===== Records for this exercise
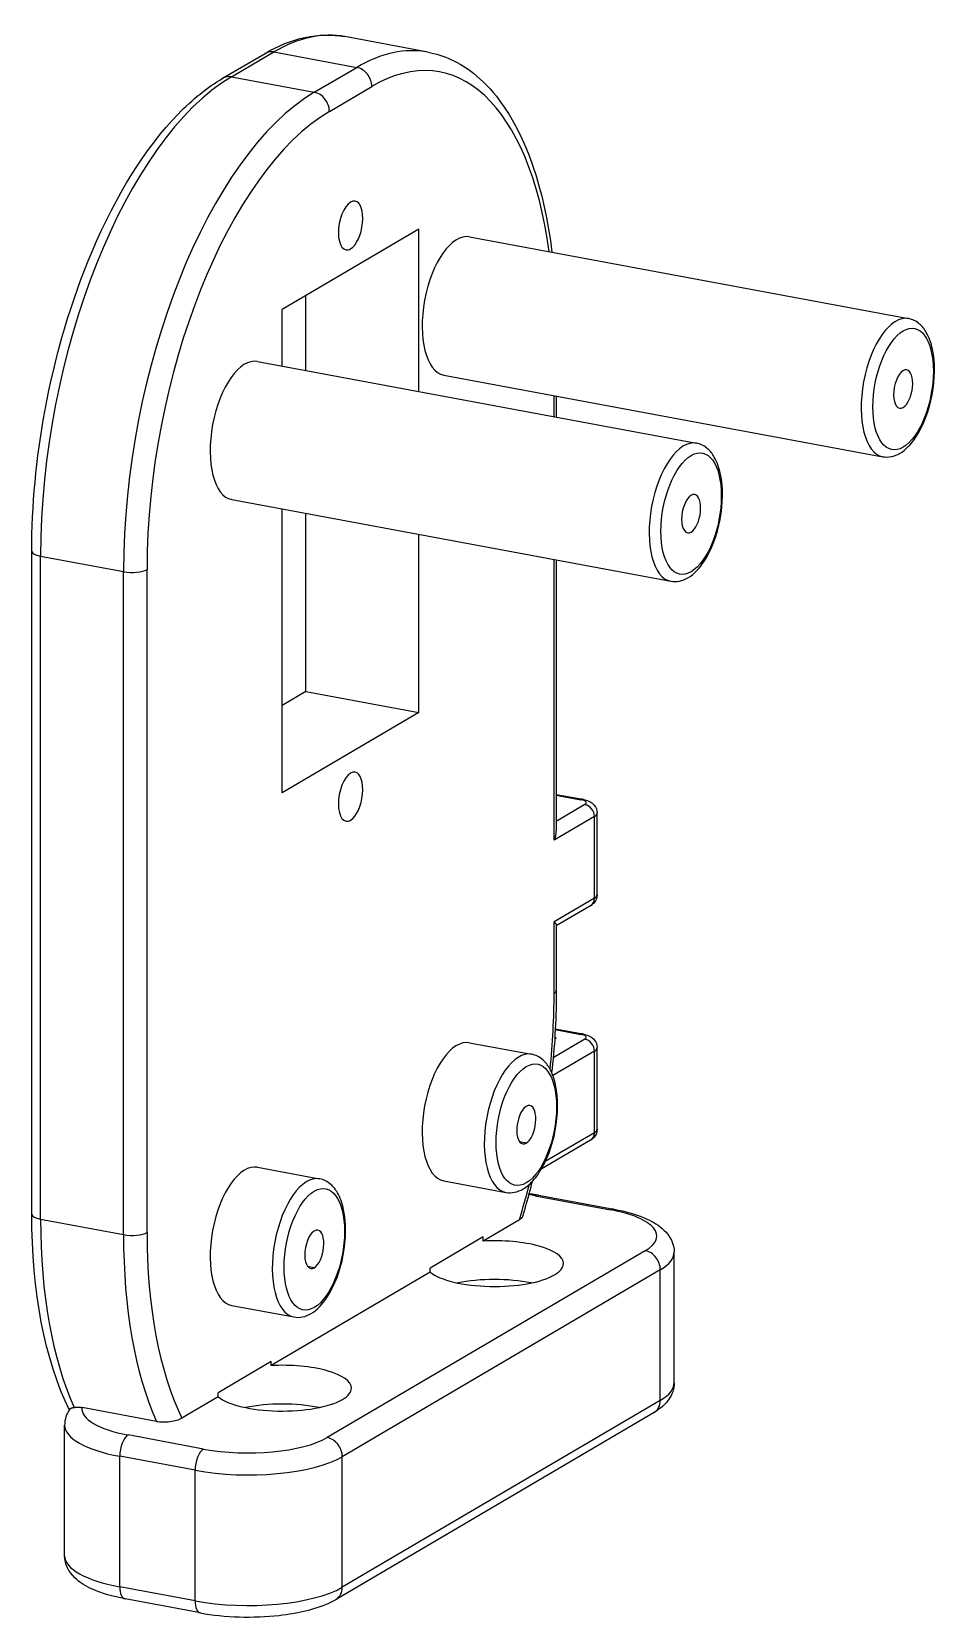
# Model space of a CAD drawing. Header units: millimetres. Extents: x -23.4 to 18.4, y -37.8 to 35.6.
import ezdxf

# ---------------------------------------------------------------- set-up
doc = ezdxf.new("R2010")
doc.units = ezdxf.units.MM
doc.layers.add('visible', color=7, linetype='Continuous')

msp = doc.modelspace()

# ---------------------------------------------------------------- linework, layer by layer
at = {"layer": 'visible'}
for p, q in [((-5.118, 34.644), (-8.953, 35.357)), ((-14.612, 33.43), (-12.65, 34.583)), ((-14.206, 33.496), (-12.245, 34.648)), ((-12.245, 34.648), (-8.41, 33.935)), ((-10.372, 32.782), (-8.41, 33.935)), ((-14.206, 33.496), (-10.372, 32.782)), ((-9.674, 31.897), (-7.713, 33.05)), ((-5.531, 26.453), (-11.856, 22.735)), ((-5.531, 18.939), (-5.531, 26.453)), ((-3.196, 26.094), (17.111, 22.316)), ((-10.76, 19.912), (-10.76, 23.379)), ((-11.856, 20.116), (-11.856, 22.735)), ((-13.003, 20.329), (7.304, 16.551)), ((-4.385, 19.703), (15.922, 15.925)), ((0.721, 17.776), (0.721, 18.754)), ((0.823, 18.734), (0.823, 17.757)), ((-14.192, 13.939), (6.115, 10.161)), ((-11.856, 0.368), (-11.856, 13.505)), ((-10.76, 5.059), (-10.76, 13.301)), ((-5.531, 4.086), (-5.531, 12.328)), ((-23.44, -19.12), (-23.44, 11.551)), ((-23.032, -19.351), (-23.032, 11.32)), ((-23.032, 11.32), (-19.198, 10.607)), ((0.721, -1.818), (0.721, 11.165)), ((0.823, 11.146), (0.823, -1.402)), ((-19.198, -20.065), (-19.198, 10.607)), ((-18.108, -19.964), (-18.108, 10.708)), ((-10.76, 5.059), (-11.856, 4.415)), ((-10.76, 5.059), (-5.531, 4.086)), ((-5.531, 4.086), (-11.856, 0.368)), ((0.823, 0.303), (2.049, 0.075)), ((0.823, 0.266), (1.957, 0.055)), ((2.584, -0.723), (0.721, -1.818)), ((2.148, -0.17), (0.823, -0.949)), ((2.584, -4.498), (2.584, -0.723)), ((2.712, -4.336), (2.712, -0.561)), ((2.584, -4.498), (0.721, -5.593)), ((2.401, -4.848), (0.823, -5.775)), ((0.721, -8.896), (0.721, -5.593)), ((0.823, -5.75), (0.823, -8.766)), ((0.748, -11.003), (0.813, -10.964)), ((0.813, -10.964), (0.751, -10.953)), ((0.774, -10.577), (1.957, -10.798)), ((0.776, -10.541), (2.049, -10.778)), ((-3.196, -11.184), (-0.32, -11.719)), ((2.584, -11.576), (0.665, -12.704)), ((2.148, -11.023), (0.678, -11.887)), ((2.584, -15.351), (2.584, -11.576)), ((2.712, -15.189), (2.712, -11.414)), ((2.584, -15.351), (0.314, -16.685)), ((-0.566, -15.828), (-0.871, -15.771)), ((2.401, -15.701), (0.128, -17.037)), ((-13.003, -16.948), (-10.127, -17.483)), ((-4.385, -17.574), (-1.509, -18.109)), ((-0.151, -18.266), (3.335, -18.914)), ((-0.005, -18.234), (3.482, -18.883)), ((-23.032, -19.351), (-19.198, -20.065)), ((-0.887, -19.373), (-2.566, -20.36)), ((-2.566, -20.171), (-5.015, -21.611)), ((-2.566, -20.36), (-2.566, -20.171)), ((4.936, -20.806), (-9.774, -29.452)), ((6.276, -26.92), (6.276, -20.88)), ((-5.015, -21.799), (-12.372, -26.124)), ((-10.372, -21.593), (-10.678, -21.536)), ((5.633, -21.691), (-9.076, -30.337)), ((-5.015, -21.799), (-5.015, -21.611)), ((5.633, -27.731), (5.633, -21.691)), ((-14.192, -23.338), (-11.315, -23.874)), ((-12.372, -25.935), (-14.822, -27.375)), ((-12.372, -26.124), (-12.372, -25.935)), ((-14.822, -27.564), (-16.501, -28.551)), ((-14.822, -27.564), (-14.822, -27.375)), ((5.633, -27.731), (-9.076, -36.377)), ((-17.677, -28.703), (-21.116, -28.063)), ((5.342, -28.29), (-9.368, -36.937)), ((-21.92, -34.918), (-21.92, -28.878)), ((-15.493, -29.982), (-18.98, -29.333)), ((-19.372, -36.359), (-19.372, -30.319)), ((-15.886, -30.967), (-19.372, -30.319)), ((-9.076, -36.377), (-9.076, -30.337)), ((-15.886, -37.007), (-15.886, -30.967)), ((-15.886, -37.007), (-19.372, -36.359)), ((-15.64, -37.563), (-19.126, -36.915))]:
    msp.add_line(p, q, dxfattribs=at)
for centre, major_axis, ratio, start_param, end_param in [((-12.245, 17.661), (3.292, 17.696), 0.462742, -6.283185, -5.900899), ((-7.713, 16.818), (-3.146, -16.91), 0.462742, 2.187357, 3.523879), ((-12.245, 33.893), (-0.405, 0.69), 0.822501, 5.662693, 6.283185), ((-8.41, 16.948), (3.292, 17.696), 0.462742, -6.283185, -5.900899), ((-8.41, 33.18), (0.405, -0.69), 0.822501, -5.332882, -3.762085), ((-14.206, 16.508), (3.292, 17.696), 0.462742, -5.900899, -4.330103), ((-14.206, 32.741), (-0.405, 0.69), 0.822501, 5.662693, 6.283185), ((-10.372, 15.795), (3.292, 17.696), 0.462742, -5.900899, -4.330103), ((-10.372, 32.027), (0.405, -0.69), 0.822501, -5.332882, -3.762085), ((-9.674, 15.665), (-3.146, -16.91), 0.462742, 3.523879, 5.094675), ((-8.694, 26.623), (-0.21, -1.131), 0.462742, 3.141593, 6.283185), ((-8.694, 26.623), (-0.21, -1.131), 0.462742, 0.382286, 3.141593), ((-3.79, 22.899), (-0.594, -3.195), 0.462742, 3.141593, 6.283185), ((-8.694, 26.623), (-0.21, -1.131), 0.462742, 0, 0.382286), ((16.516, 19.12), (-0.594, -3.195), 0.462742, 3.141593, 6.283185), ((16.865, 19.056), (-0.521, -2.802), 0.462742, 0.3822862414584516, 6.665471548638038), ((-13.597, 17.134), (-0.594, -3.195), 0.462742, 3.141593, 6.283185), ((16.865, 19.056), (-0.165, -0.885), 0.462742, 3.141593, 6.283185), ((16.865, 19.056), (-0.165, -0.885), 0.462742, 0.382286, 3.141593), ((16.865, 19.056), (-0.165, -0.885), 0.462742, 0, 0.382286), ((6.71, 13.356), (-0.594, -3.195), 0.462742, 3.141593, 6.283185), ((7.058, 13.291), (-0.521, -2.802), 0.462742, 0.3822862414584516, 6.665471548638038), ((7.058, 13.291), (-0.165, -0.885), 0.462742, 3.141593, 6.283185), ((7.058, 13.291), (-0.165, -0.885), 0.462742, 0.382286, 3.141593), ((7.058, 13.291), (-0.165, -0.885), 0.462742, 0, 0.382286), ((-22.64, 11.551), (-0.8, 0), 0.3307, -6.283185, -5.224857), ((-18.805, 10.837), (0.8, 0), 0.3307, 4.199921, 5.770717), ((-8.694, 0.198), (-0.21, -1.131), 0.462742, 3.141593, 6.283185), ((-8.694, 0.198), (-0.21, -1.131), 0.462742, 0.382286, 3.141593), ((1.957, -0.417), (-0.091, -0.492), 0.462742, 3.141593, 3.523879), ((1.712, -0.089), (-0.5, 0), 0.3307, -3.654061, -2.083264), ((2.148, -0.642), (-0.253, 0.431), 0.822501, 4.091896, 5.662693), ((1.712, -0.561), (-1, 0), 0.3307, -3.654061, -3.141593), ((-8.694, 0.198), (-0.21, -1.131), 0.462742, 0, 0.382286), ((1.712, -4.336), (-1, 0), 0.3307, -3.654061, -3.141593), ((2.148, -4.417), (0.253, -0.431), 0.822501, -6.283185, -5.332882), ((0.023, -8.766), (-0.8, 0), 0.3307, -3.654061, -3.141593), ((-7.713, -13.853), (3.146, 16.91), 0.462742, -1.399773, -1.18851), ((1.957, -11.27), (-0.091, -0.492), 0.462742, 3.141593, 3.523879), ((1.712, -10.942), (-0.5, 0), 0.3307, -3.654061, -2.083264), ((-3.79, -14.379), (-0.594, -3.195), 0.462742, 3.141593, 6.283185), ((-0.914, -14.914), (-0.594, -3.195), 0.462742, 3.141593, 6.283185), ((2.148, -11.495), (-0.253, 0.431), 0.822501, 4.091896, 5.662693), ((1.712, -11.414), (-1, 0), 0.3307, -3.654061, -3.141593), ((-0.566, -14.979), (-0.521, -2.802), 0.462742, 0.3822862414584516, 6.665471548638038), ((-0.566, -14.979), (-0.165, -0.885), 0.462742, 3.141593, 6.283185), ((-0.566, -14.979), (-0.165, -0.885), 0.462742, 0.382286, 3.141593), ((2.148, -15.27), (0.253, -0.431), 0.822501, -6.283185, -5.332882), ((1.712, -15.189), (-1, 0), 0.3307, -3.654061, -3.141593), ((-0.566, -14.979), (-0.165, -0.885), 0.462742, 0, 0.382286), ((-13.597, -20.143), (-0.594, -3.195), 0.462742, 3.141593, 6.283185), ((-10.721, -20.678), (-0.594, -3.195), 0.462742, 3.141593, 6.283185), ((-10.372, -20.743), (-0.521, -2.802), 0.462742, 0.3822862414584516, 6.665471548638038), ((-7.713, -13.853), (3.146, 16.91), 0.462742, -1.816117, -1.715725), ((-2.21, -19.476), (-4.2, 0), 0.3307, -2.083264, -2.002095), ((-0.151, -19.021), (-0.146, -0.787), 0.462742, 3.141593, 3.523879), ((3.335, -19.669), (-0.146, -0.787), 0.462742, 3.141593, 3.523879), ((1.276, -20.125), (-4.2, 0), 0.3307, -3.654061, -2.083264), ((-22.64, -19.12), (-0.8, 0), 0.3307, -6.283185, -5.224857), ((-14.206, -14.163), (3.292, 17.696), 0.462742, -4.330103, -3.727825), ((-10.372, -20.743), (-0.165, -0.885), 0.462742, 3.141593, 6.283185), ((-18.805, -19.834), (0.8, 0), 0.3307, 4.199921, 5.770717), ((-10.372, -14.877), (3.292, 17.696), 0.462742, -4.330103, -3.734375), ((-9.674, -15.006), (3.146, 16.91), 0.462742, -4.330103, -3.702496), ((-10.372, -20.743), (-0.165, -0.885), 0.462742, 0.382286, 3.141593), ((-2.047, -21.404), (3.2, 0), 0.3307, 0, 1.73346), ((4.936, -21.561), (-0.405, 0.69), 0.822501, 4.091896, 5.662693), ((1.276, -20.88), (-5, 0), 0.3307, -3.654061, -3.141593), ((-10.372, -20.743), (-0.165, -0.885), 0.462742, 0, 0.382286), ((-2.047, -21.404), (3.2, 0), 0.3307, 3.52479, 5.770717), ((-2.047, -21.404), (3.2, 0), 0.3307, 5.770717, 6.283185), ((-2.047, -23.197), (3.2, 0), 0.3307, 1.010709, 2.130884), ((-11.854, -27.168), (3.2, 0), 0.3307, 0, 1.73346), ((1.276, -26.92), (-5, 0), 0.3307, -3.654061, -3.141593), ((-11.854, -27.168), (3.2, 0), 0.3307, 3.52479, 5.770717), ((-11.854, -28.961), (3.2, 0), 0.3307, 1.010709, 2.130884), ((-11.854, -27.168), (3.2, 0), 0.3307, 5.770717, 6.283185), ((4.936, -27.601), (-0.405, 0.69), 0.822501, 3.141593, 4.091896), ((-16.92, -28.123), (-4.2, 0), 0.3307, -6.326399, -5.224857), ((-16.92, -28.878), (-5, 0), 0.3307, -6.283185, -5.224857), ((-18.98, -30.088), (0.146, 0.787), 0.462742, -5.900899, -4.330103), ((-15.493, -30.737), (0.146, 0.787), 0.462742, -5.900899, -4.330103), ((-13.434, -28.771), (-4.2, 0), 0.3307, -5.224857, -3.654061), ((-9.774, -30.207), (-0.405, 0.69), 0.822501, 4.091896, 5.662693), ((-13.434, -29.526), (-5, 0), 0.3307, -5.224857, -3.654061), ((-16.92, -34.918), (-5, 0), 0.3307, -6.283185, -5.224857), ((-18.98, -36.128), (-0.146, -0.787), 0.462742, 5.094675, 6.283185), ((-13.434, -35.566), (-5, 0), 0.3307, -5.224857, -3.654061), ((-9.774, -36.247), (-0.405, 0.69), 0.822501, 3.141593, 4.091896), ((-15.493, -36.777), (-0.146, -0.787), 0.462742, 5.094675, 6.283185)]:
    msp.add_ellipse(centre, major_axis=major_axis, ratio=ratio, start_param=start_param, end_param=end_param, dxfattribs=at)
for points, degree in [([(-12.65, 34.583), (-11.444, 35.296), (-10.164, 35.585), (-8.953, 35.357)], 3), ([(15.922, 15.925), (16.184, 15.876), (16.462, 15.934), (16.719, 16.086)], 3), ([(6.115, 10.161), (6.378, 10.112), (6.656, 10.17), (6.912, 10.322)], 3), ([(0.721, -1.818), (0.787, -1.679), (0.823, -1.533), (0.823, -1.402)], 3), ([(0.721, -5.593), (0.821, -5.689), (0.823, -5.75)], 2), ([(0.823, -8.766), (0.823, -9.946), (0.758, -11.162), (0.629, -12.388)], 3), ([(0.629, -12.388), (0.621, -12.463), (0.599, -12.542)], 2), ([(-0.298, -17.613), (-0.503, -18.429), (-0.742, -19.223)], 2), ([(-1.509, -18.109), (-1.247, -18.159), (-0.968, -18.1), (-0.712, -17.949)], 3), ([(-0.441, -18.163), (-0.218, -18.195), (-0.005, -18.234)], 2), ([(-21.703, -28.158), (-22.842, -25.872), (-23.442, -22.676), (-23.44, -19.12)], 3), ([(-0.742, -19.223), (-0.767, -19.302), (-0.887, -19.373)], 2), ([(-11.315, -23.874), (-11.053, -23.923), (-10.775, -23.865), (-10.518, -23.713)], 3), ([(-21.696, -28.148), (-21.837, -28.362), (-21.921, -28.618), (-21.92, -28.878)], 3), ([(-21.479, -28.062), (-21.672, -28.107), (-21.696, -28.148)], 2), ([(-21.479, -28.062), (-21.319, -28.026), (-21.116, -28.063)], 2)]:
    msp.add_open_spline(points, degree=degree, dxfattribs=at)
for points, knots in [([(-5.118, 34.644), (-4.364, 34.504), (-3.65, 34.168), (-3.015, 33.668), (-2.578, 33.323), (-2.178, 32.907), (-1.813, 32.419), (-0.566, 30.758), (0.261, 28.303), (0.619, 25.384)], [0, 0, 0, 0, 0.2033897, 0.2033897, 0.2033897, 0.3427819, 0.3427819, 0.3427819, 0.8194283, 0.8194283, 0.8194283, 0.8194283]), ([(-23.44, 11.551), (-23.441, 13.641), (-23.234, 15.847), (-22.835, 18.02), (-22.359, 20.617), (-21.607, 23.164), (-20.65, 25.418), (-19.545, 28.024), (-18.171, 30.231), (-16.667, 31.778), (-16.003, 32.462), (-15.318, 33.013), (-14.612, 33.43)], [0, 0, 0, 0, 0.239127, 0.239127, 0.239127, 0.524897, 0.524897, 0.524897, 0.854847, 0.854847, 0.854847, 1, 1, 1, 1]), ([(16.719, 16.086), (16.805, 16.136), (16.888, 16.196), (16.969, 16.266), (17.154, 16.425), (17.325, 16.627), (17.482, 16.873), (17.812, 17.385), (18.069, 18.073), (18.203, 18.791), (18.342, 19.525), (18.351, 20.279), (18.223, 20.886), (18.16, 21.188), (18.065, 21.45), (17.938, 21.671), (17.849, 21.825), (17.746, 21.954), (17.627, 22.058), (17.473, 22.194), (17.301, 22.279), (17.111, 22.316)], [0, 0, 0, 0, 0.125539, 0.125539, 0.125539, 0.410599, 0.410599, 0.410599, 0.536138, 0.536138, 0.536138, 0.661677, 0.661677, 0.661677, 0.787216, 0.787216, 0.787216, 0.874461, 0.874461, 0.874461, 1, 1, 1, 1]), ([(6.912, 10.322), (7.192, 10.486), (7.45, 10.757), (7.676, 11.109), (8.005, 11.62), (8.262, 12.309), (8.397, 13.027), (8.536, 13.761), (8.545, 14.515), (8.416, 15.122), (8.353, 15.424), (8.258, 15.685), (8.131, 15.907), (8.043, 16.06), (7.939, 16.189), (7.821, 16.294), (7.666, 16.429), (7.494, 16.515), (7.304, 16.551)], [0, 0, 0, 0, 0.410599, 0.410599, 0.410599, 0.536138, 0.536138, 0.536138, 0.661677, 0.661677, 0.661677, 0.787216, 0.787216, 0.787216, 0.874461, 0.874461, 0.874461, 1, 1, 1, 1]), ([(2.049, 0.075), (2.185, 0.049), (2.309, 0.008), (2.414, -0.056), (2.478, -0.095), (2.533, -0.142), (2.58, -0.198), (2.665, -0.301), (2.713, -0.43), (2.712, -0.561)], [0, 0, 0, 0, 0.434581, 0.434581, 0.434581, 0.78271, 0.78271, 0.78271, 1, 1, 1, 1]), ([(2.712, -4.336), (2.713, -4.466), (2.665, -4.595), (2.581, -4.697), (2.53, -4.757), (2.471, -4.808), (2.401, -4.848)], [0, 0, 0, 0, 0.5, 0.5, 0.5, 1, 1, 1, 1]), ([(2.049, -10.778), (2.185, -10.804), (2.309, -10.845), (2.414, -10.909), (2.478, -10.948), (2.533, -10.995), (2.58, -11.051), (2.665, -11.154), (2.713, -11.283), (2.712, -11.414)], [0, 0, 0, 0, 0.434581, 0.434581, 0.434581, 0.78271, 0.78271, 0.78271, 1, 1, 1, 1]), ([(-0.712, -17.949), (-0.626, -17.898), (-0.543, -17.838), (-0.462, -17.769), (-0.277, -17.609), (-0.106, -17.407), (0.052, -17.161), (0.381, -16.65), (0.638, -15.961), (0.773, -15.243), (0.912, -14.509), (0.92, -13.755), (0.792, -13.149), (0.729, -12.847), (0.634, -12.585), (0.507, -12.363), (0.418, -12.21), (0.315, -12.081), (0.197, -11.976), (0.042, -11.841), (-0.13, -11.755), (-0.32, -11.719)], [0, 0, 0, 0, 0.125539, 0.125539, 0.125539, 0.410599, 0.410599, 0.410599, 0.536138, 0.536138, 0.536138, 0.661677, 0.661677, 0.661677, 0.787216, 0.787216, 0.787216, 0.874461, 0.874461, 0.874461, 1, 1, 1, 1]), ([(2.712, -15.189), (2.713, -15.319), (2.665, -15.448), (2.581, -15.55), (2.53, -15.61), (2.471, -15.661), (2.401, -15.701)], [0, 0, 0, 0, 0.5, 0.5, 0.5, 1, 1, 1, 1]), ([(-10.518, -23.713), (-10.239, -23.549), (-9.98, -23.277), (-9.755, -22.926), (-9.426, -22.414), (-9.169, -21.726), (-9.034, -21.008), (-8.895, -20.274), (-8.886, -19.52), (-9.015, -18.913), (-9.078, -18.611), (-9.173, -18.349), (-9.3, -18.128), (-9.388, -17.974), (-9.492, -17.845), (-9.61, -17.741), (-9.764, -17.605), (-9.936, -17.519), (-10.127, -17.483)], [0, 0, 0, 0, 0.410599, 0.410599, 0.410599, 0.536138, 0.536138, 0.536138, 0.661677, 0.661677, 0.661677, 0.787216, 0.787216, 0.787216, 0.874461, 0.874461, 0.874461, 1, 1, 1, 1]), ([(3.482, -18.883), (4.053, -18.989), (4.563, -19.137), (4.985, -19.326), (5.307, -19.471), (5.581, -19.64), (5.803, -19.852), (6.084, -20.118), (6.278, -20.486), (6.276, -20.88)], [0, 0, 0, 0, 0.333333, 0.333333, 0.333333, 0.666667, 0.666667, 0.666667, 1, 1, 1, 1]), ([(6.276, -26.92), (6.276, -27.001), (6.268, -27.081), (6.253, -27.161), (6.206, -27.404), (6.088, -27.627), (5.929, -27.813), (5.768, -27.998), (5.572, -28.158), (5.342, -28.29)], [0, 0, 0, 0, 0.5, 0.5, 0.5, 0.75, 0.75, 0.75, 1, 1, 1, 1]), ([(-17.677, -28.703), (-17.492, -28.738), (-17.257, -28.74), (-17.047, -28.713), (-16.821, -28.684), (-16.625, -28.624), (-16.501, -28.551)], [0, 0, 0, 0, 0.48408, 0.48408, 0.48408, 1, 1, 1, 1]), ([(-19.126, -36.915), (-19.698, -36.808), (-20.207, -36.661), (-20.63, -36.471), (-20.951, -36.326), (-21.226, -36.158), (-21.447, -35.945), (-21.729, -35.679), (-21.922, -35.312), (-21.92, -34.918)], [0, 0, 0, 0, 0.333333, 0.333333, 0.333333, 0.666667, 0.666667, 0.666667, 1, 1, 1, 1]), ([(-15.64, -37.563), (-14.532, -37.771), (-13.189, -37.812), (-11.996, -37.677), (-11.567, -37.628), (-11.165, -37.56), (-10.789, -37.47), (-10.233, -37.337), (-9.754, -37.163), (-9.368, -36.937)], [0, 0, 0, 0, 0.529181, 0.529181, 0.529181, 0.718303, 0.718303, 0.718303, 1, 1, 1, 1])]:
    msp.add_open_spline(points, degree=3, knots=knots, dxfattribs=at)

doc.saveas('drawing.dxf')
==========
# Work task
Every line containing the string "ezdxf" is required; copy each such line from the data.

# Task answer
import ezdxf
doc = ezdxf.new("R2010")
doc.units = ezdxf.units.MM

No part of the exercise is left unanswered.